Runtime pricing overrides are complete JSON pricing files. Exactly one pricing
file is active: explicit `--pricing`, otherwise the update cache when present,
otherwise bundled prices.
```sh
llm-tokei --pricing ./pricing.json
```
Example override:
```json
{
"providers": {
"github-copilot": {
"included": true,
"models": {
"claude-opus-4.7": { "multiplier": 10.0, "included": false }
}
}
},
"models": {
"gpt-5": { "provider": "openai", "aliases": ["openai/gpt-5"] }
},
"prices": [
{
"provider": "openai",
"model": "gpt-5",
"input": 1.25,
"output": 10.0,
"cache_read": 0.125,
"cache_write": null
}
]
}
```
Pricing lookup uses canonical model aliases before grouping and costing.

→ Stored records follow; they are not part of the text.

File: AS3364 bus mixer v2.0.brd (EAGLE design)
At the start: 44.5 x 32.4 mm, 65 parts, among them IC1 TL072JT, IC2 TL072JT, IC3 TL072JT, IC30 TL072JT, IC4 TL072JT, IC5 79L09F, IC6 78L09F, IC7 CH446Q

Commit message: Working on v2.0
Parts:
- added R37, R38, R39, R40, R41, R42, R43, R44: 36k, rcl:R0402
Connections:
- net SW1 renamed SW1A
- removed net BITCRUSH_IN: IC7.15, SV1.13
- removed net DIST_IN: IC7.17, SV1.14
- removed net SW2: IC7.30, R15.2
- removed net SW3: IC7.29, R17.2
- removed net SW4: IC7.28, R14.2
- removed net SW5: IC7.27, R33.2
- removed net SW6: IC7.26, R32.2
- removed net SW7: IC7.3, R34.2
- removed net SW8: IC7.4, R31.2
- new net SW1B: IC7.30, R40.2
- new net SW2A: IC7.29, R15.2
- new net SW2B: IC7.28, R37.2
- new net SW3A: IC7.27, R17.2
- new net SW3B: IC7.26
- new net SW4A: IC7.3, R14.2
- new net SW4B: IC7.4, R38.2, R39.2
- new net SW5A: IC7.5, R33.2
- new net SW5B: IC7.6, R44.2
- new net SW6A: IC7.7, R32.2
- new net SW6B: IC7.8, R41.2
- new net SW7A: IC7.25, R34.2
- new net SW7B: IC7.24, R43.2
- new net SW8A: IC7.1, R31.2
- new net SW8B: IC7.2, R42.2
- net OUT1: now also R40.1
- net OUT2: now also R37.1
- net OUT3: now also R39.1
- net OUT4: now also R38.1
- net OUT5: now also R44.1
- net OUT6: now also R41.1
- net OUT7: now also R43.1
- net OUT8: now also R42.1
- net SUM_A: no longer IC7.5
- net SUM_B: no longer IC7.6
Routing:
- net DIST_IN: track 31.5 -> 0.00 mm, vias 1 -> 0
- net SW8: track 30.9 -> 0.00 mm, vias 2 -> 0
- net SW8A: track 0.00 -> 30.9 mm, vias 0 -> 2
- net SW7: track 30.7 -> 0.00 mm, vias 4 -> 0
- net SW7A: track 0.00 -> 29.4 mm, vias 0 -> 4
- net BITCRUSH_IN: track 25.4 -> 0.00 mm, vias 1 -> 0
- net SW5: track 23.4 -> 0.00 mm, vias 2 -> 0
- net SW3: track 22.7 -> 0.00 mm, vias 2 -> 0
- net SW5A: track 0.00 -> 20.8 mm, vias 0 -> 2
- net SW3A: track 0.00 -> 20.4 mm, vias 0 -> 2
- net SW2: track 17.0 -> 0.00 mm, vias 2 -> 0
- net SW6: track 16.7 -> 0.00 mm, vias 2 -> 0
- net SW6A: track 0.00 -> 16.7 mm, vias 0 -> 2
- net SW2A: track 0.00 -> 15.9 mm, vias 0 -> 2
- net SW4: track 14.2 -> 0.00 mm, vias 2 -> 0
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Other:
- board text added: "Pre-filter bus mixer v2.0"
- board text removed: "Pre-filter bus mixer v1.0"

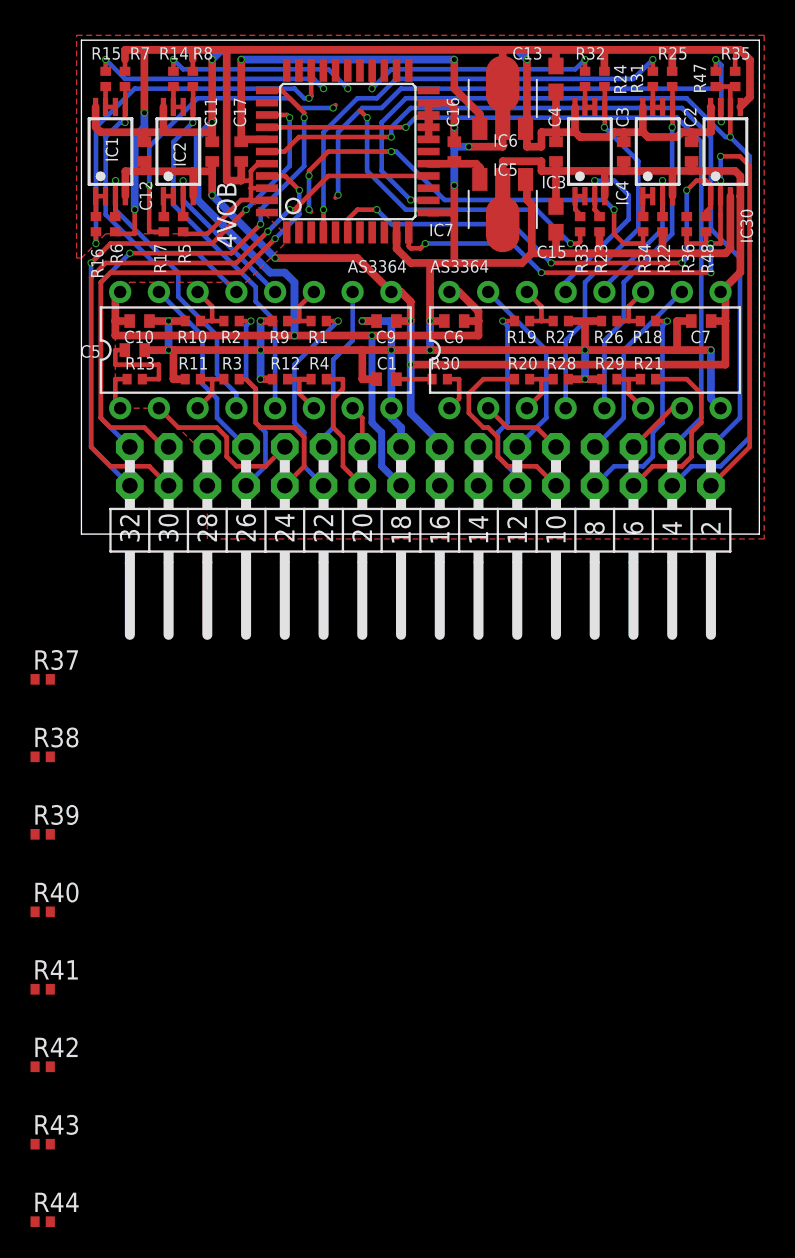
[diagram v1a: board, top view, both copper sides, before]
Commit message: Traced new lines for bus mixer v2.0, missing lines under CH446Q
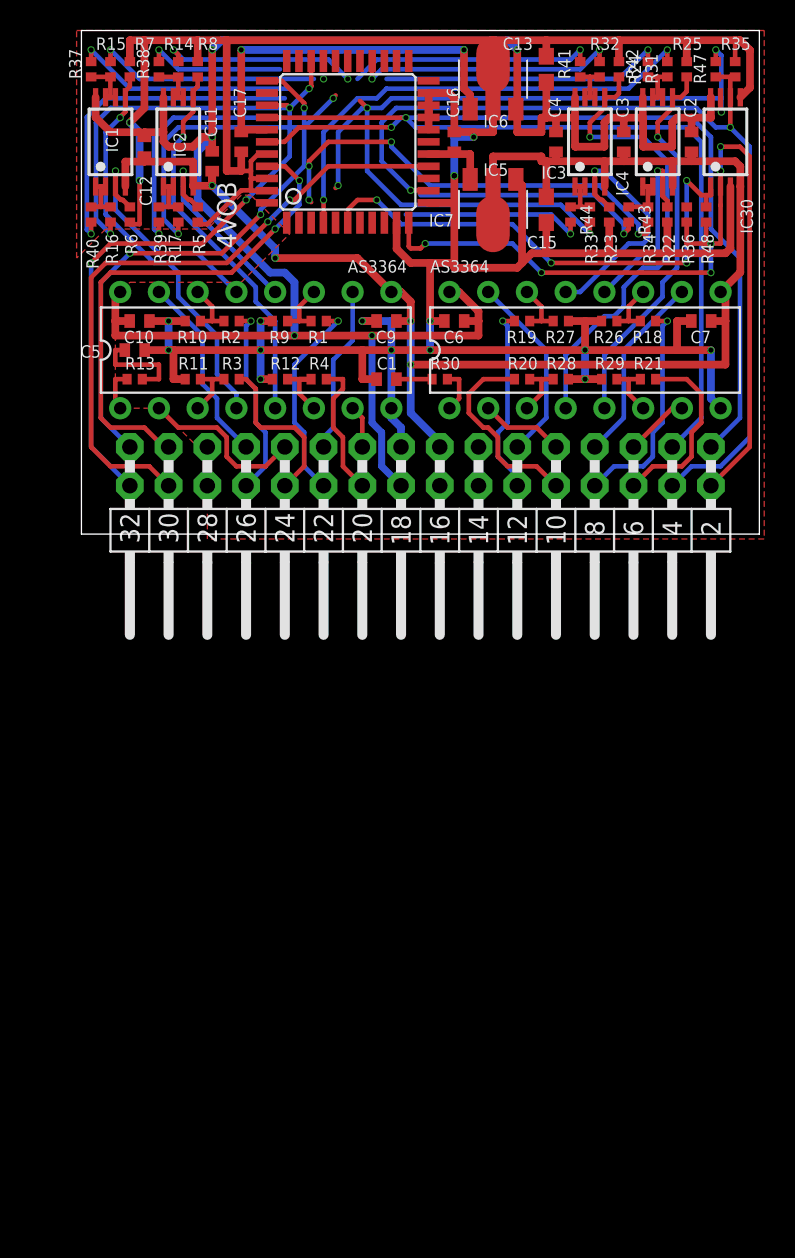
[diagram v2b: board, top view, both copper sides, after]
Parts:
- moved R42 76.5 mm to (37.1, 30.8), turned to 90 degrees
- moved R44 74.6 mm to (32.1, 21.3), turned to 270 degrees
- moved R43 72.1 mm to (35.9, 21.3), turned to 270 degrees
- moved R41 69.9 mm to (32.7, 30.8), turned to 90 degrees
- moved R40 45.8 mm to (0.64, 21.3), turned to 270 degrees
- moved R38 45.7 mm to (5.08, 30.8), turned to 90 degrees
- moved R39 41.3 mm to (5.08, 21.3), turned to 270 degrees
- moved R37 40.1 mm to (0.64, 30.8), turned to 90 degrees
- moved IC6 1.42 mm to (27.0, 30.2)
- moved R16 1.14 mm to (1.91, 21.3)
- moved R17 1.14 mm to (6.35, 21.3)
- moved R5 1.14 mm to (7.62, 21.3)
- moved R6 1.14 mm to (3.17, 21.3)
- moved R24 1.14 mm to (35.2, 30.8)
- moved R25 1.14 mm to (39.7, 30.8)
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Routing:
- net SW4B: track 0.00 -> 24.9 mm, vias 0 -> 2
- net SW1B: track 0.00 -> 22.0 mm, vias 0 -> 1
- net SW8B: track 0.00 -> 18.7 mm, vias 0 -> 1
- net SW6B: track 0.00 -> 16.2 mm, vias 0 -> 1
- net SW7B: track 0.00 -> 15.7 mm, vias 0 -> 1
- net SW2B: track 0.00 -> 14.8 mm, vias 0 -> 1
- net SW5B: track 0.00 -> 12.1 mm, vias 0 -> 1
- net +12V: track 128.9 -> 135.7 mm
- net CON6: track 24.0 -> 30.8 mm
- net BUS_B: track 57.3 -> 60.4 mm
- net GND: track 237.5 -> 240.3 mm
- net CON5: track 13.2 -> 15.9 mm
- net CON8: track 22.9 -> 25.3 mm
- net OUT4: track 1.99 -> 3.58 mm
- net OUT2: track 1.99 -> 3.57 mm
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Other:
- board size 44.5 x 32.4 mm -> 44.5 x 33 mm

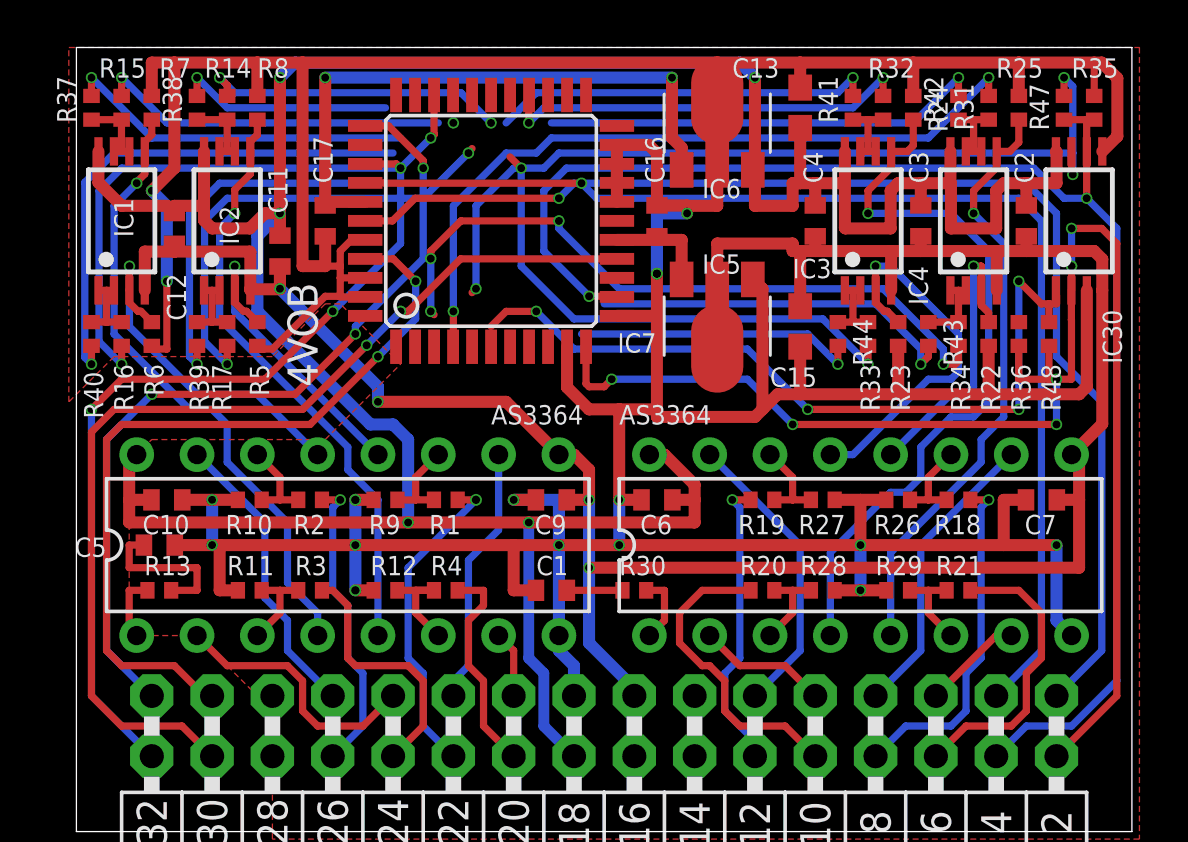
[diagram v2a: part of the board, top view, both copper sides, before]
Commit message: Finished tracing v2.0 of bus mixer
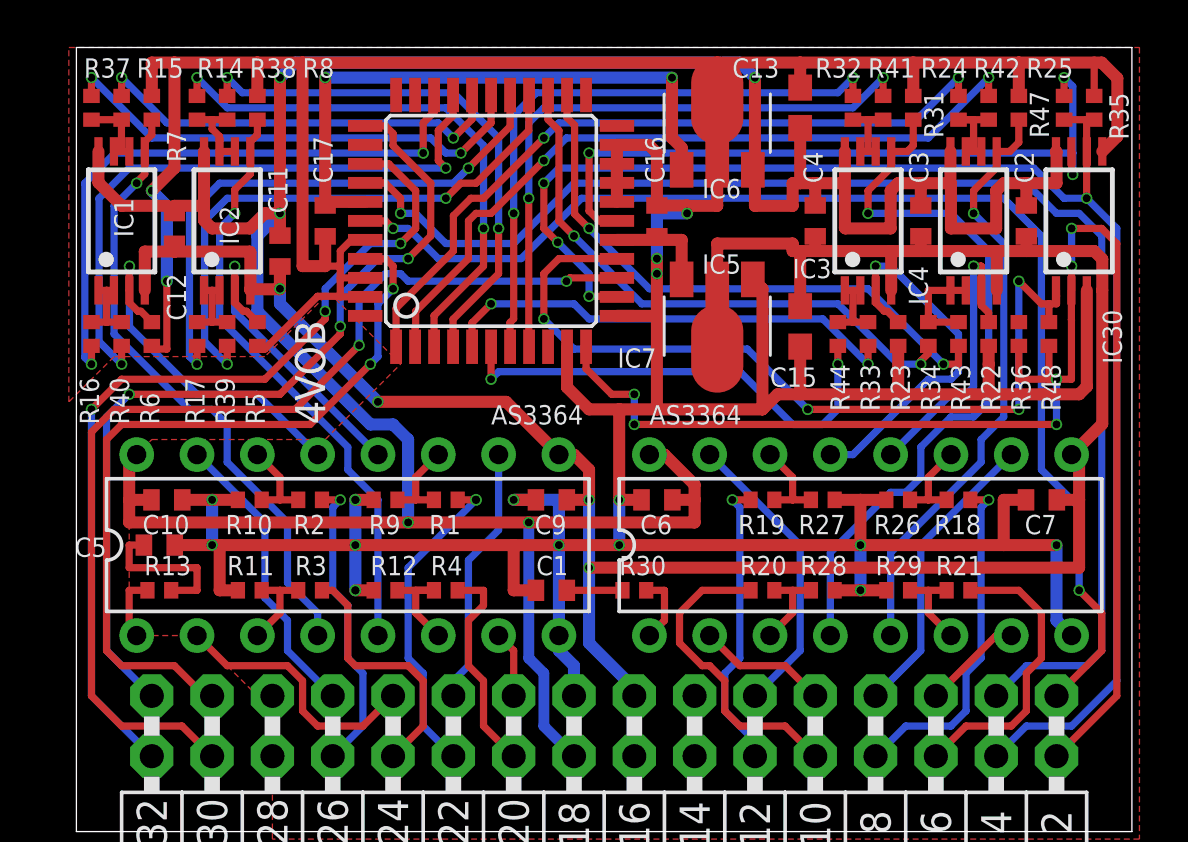
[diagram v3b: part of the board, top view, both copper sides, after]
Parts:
- moved R34 1.27 mm to (35.9, 21.3)
- moved R43 1.27 mm to (37.1, 21.3)
- moved R16 1.27 mm to (0.64, 21.3)
- moved R40 1.27 mm to (1.91, 21.3)
- moved R14 1.27 mm to (5.08, 30.8)
- moved R17 1.27 mm to (5.08, 21.3)
- moved R38 1.27 mm to (6.35, 30.8)
- moved R39 1.27 mm to (6.35, 21.3)
- moved R31 1.27 mm to (37.1, 30.8)
- moved R32 1.27 mm to (32.7, 30.8)
- moved R41 1.27 mm to (34.0, 30.8)
- moved R42 1.27 mm to (38.4, 30.8)
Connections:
- net SUM_A: now also IC7.17
- net SUM_B: now also IC7.15
- net SW3B: now also R39.2
- net SW4B: no longer R39.2
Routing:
- net SW3B: track 0.00 -> 23.9 mm, vias 0 -> 2
- net SW8B: track 18.7 -> 31.4 mm, vias 1 -> 2
- net SW4A: track 13.1 -> 23.4 mm
- net SW6B: track 16.2 -> 25.9 mm, vias 1 -> 2
- net SW7B: track 15.7 -> 24.7 mm, vias 1 -> 2
- net SW6A: track 17.6 -> 25.5 mm
- net SW5B: track 12.1 -> 20.0 mm, vias 1 -> 2
- net FX_A: track 49.9 -> 57.1 mm
- net SW2B: track 14.8 -> 20.6 mm, vias 1 -> 2
- net SUM_A: track 35.9 -> 30.2 mm
- net SW7A: track 29.2 -> 24.1 mm, vias 4 -> 2
- net SW1B: track 22.0 -> 26.7 mm, vias 1 -> 2
- net SW3A: track 19.7 -> 23.6 mm
- net SW2A: track 14.9 -> 17.9 mm
- net SUM_B: track 32.7 -> 35.6 mm

Provider-specific lookup tries the exact `(provider, model)` row. Official lookup
uses the model's official provider mapping. Multipliers and included status can
be set per provider and overridden per model.
## Sources
### Codex CLI
Default root:
```text
$CODEX_HOME/sessions
~/.codex/sessions
```
Override:
```sh
llm-tokei --source codex --codex-dir /path/to/sessions
```
Codex sessions are JSONL rollout files. Cumulative token snapshots are converted
to per-turn deltas. Response item text is used for byte-mode input/output.
### OpenCode
Default database:
```text
$OPENCODE_DATA_DIR/opencode.db
$XDG_DATA_HOME/opencode/opencode.db
~/.local/share/opencode/opencode.db
```
Override:
```sh
llm-tokei --source opencode --opencode-db /path/to/opencode.db
```
The database is opened read-only.
### Claude Code
Default root:
```text
$CLAUDE_HOME/projects
~/.claude/projects
```
Override:
```sh
llm-tokei --source claude --claude-dir /path/to/projects
```
Claude usage fields map raw `input_tokens` to uncached input,
`cache_read_input_tokens` to cache reads, and cache creation fields to cache
writes.
### GitHub Copilot Chat
Default discovery scans VS Code, Code Insiders, VSCodium, and Cursor
`workspaceStorage` directories.
Override or add roots:
```sh
llm-tokei --source copilot --copilot-dir /path/to/workspaceStorage
```
Copilot Chat does not always persist exact input/output token counts in chat
session files. `llm-tokei` estimates input/output from rendered text length and
uses exact reasoning tokens when `thinking.tokens` is present. Shutdown metrics
from transcript files are preferred when available.
### GitHub Copilot CLI
Default root:
```text
~/.copilot/session-state
```
Override:
```sh
llm-tokei --source copilot-cli --copilot-cli-dir /path/to/session-state
```
Shutdown metrics are used when present. Otherwise usage is estimated from event
content.
## Cache
By default, parsed records are cached under your OS cache directory as
`llm-tokei.db`. The cache is keyed by source file path and modification time.
Use `--no-cache` to force a full re-parse:
```sh
llm-tokei --no-cache
```
Verbose mode prints cache stats:
```sh
llm-tokei -v
```
## Dumping Sessions
The `dump` subcommand emits replayable user-side JSONL message streams.
```sh
llm-tokei dump --codex ~/.codex/sessions/2026/05/12/rollout-example.jsonl
llm-tokei dump --codex --out ./dumped-codex
llm-tokei dump --copilot --out ./dumped-copilot
```
Use exactly one dump source flag: `--codex` or `--copilot`.
Without `--out`, output is written to stdout with comment headers when multiple
files are dumped. With `--out`, one `<session-id>.jsonl` file is written per
session.
## Maintenance Notes
Bundled pricing data is generated during build.
```sh
cargo run --example fetch_prices
cargo build --release
```
Generate the README showcase SVG from live CLI output:
```sh
cargo run --example gen-showcase -- --args "--24h --group-by source,model" --out docs/assets/showcase.svg
cargo run --example gen-showcase -- --args "--cost-per provider --cost official --month -h" --out docs/assets/showcase.svg
```
Hand-curated pricing inputs:
| `data/models.json` | Canonical model names, official providers, aliases |
| `data/providers.json` | Provider/model included and multiplier metadata |
| `data/prices.override.csv` | Rate overrides and additions |
If models.dev reports all token cost fields as `0` for a provider/model, the
generator treats that row as included and omits it from base prices so cost can
fall back to the model's official provider rate.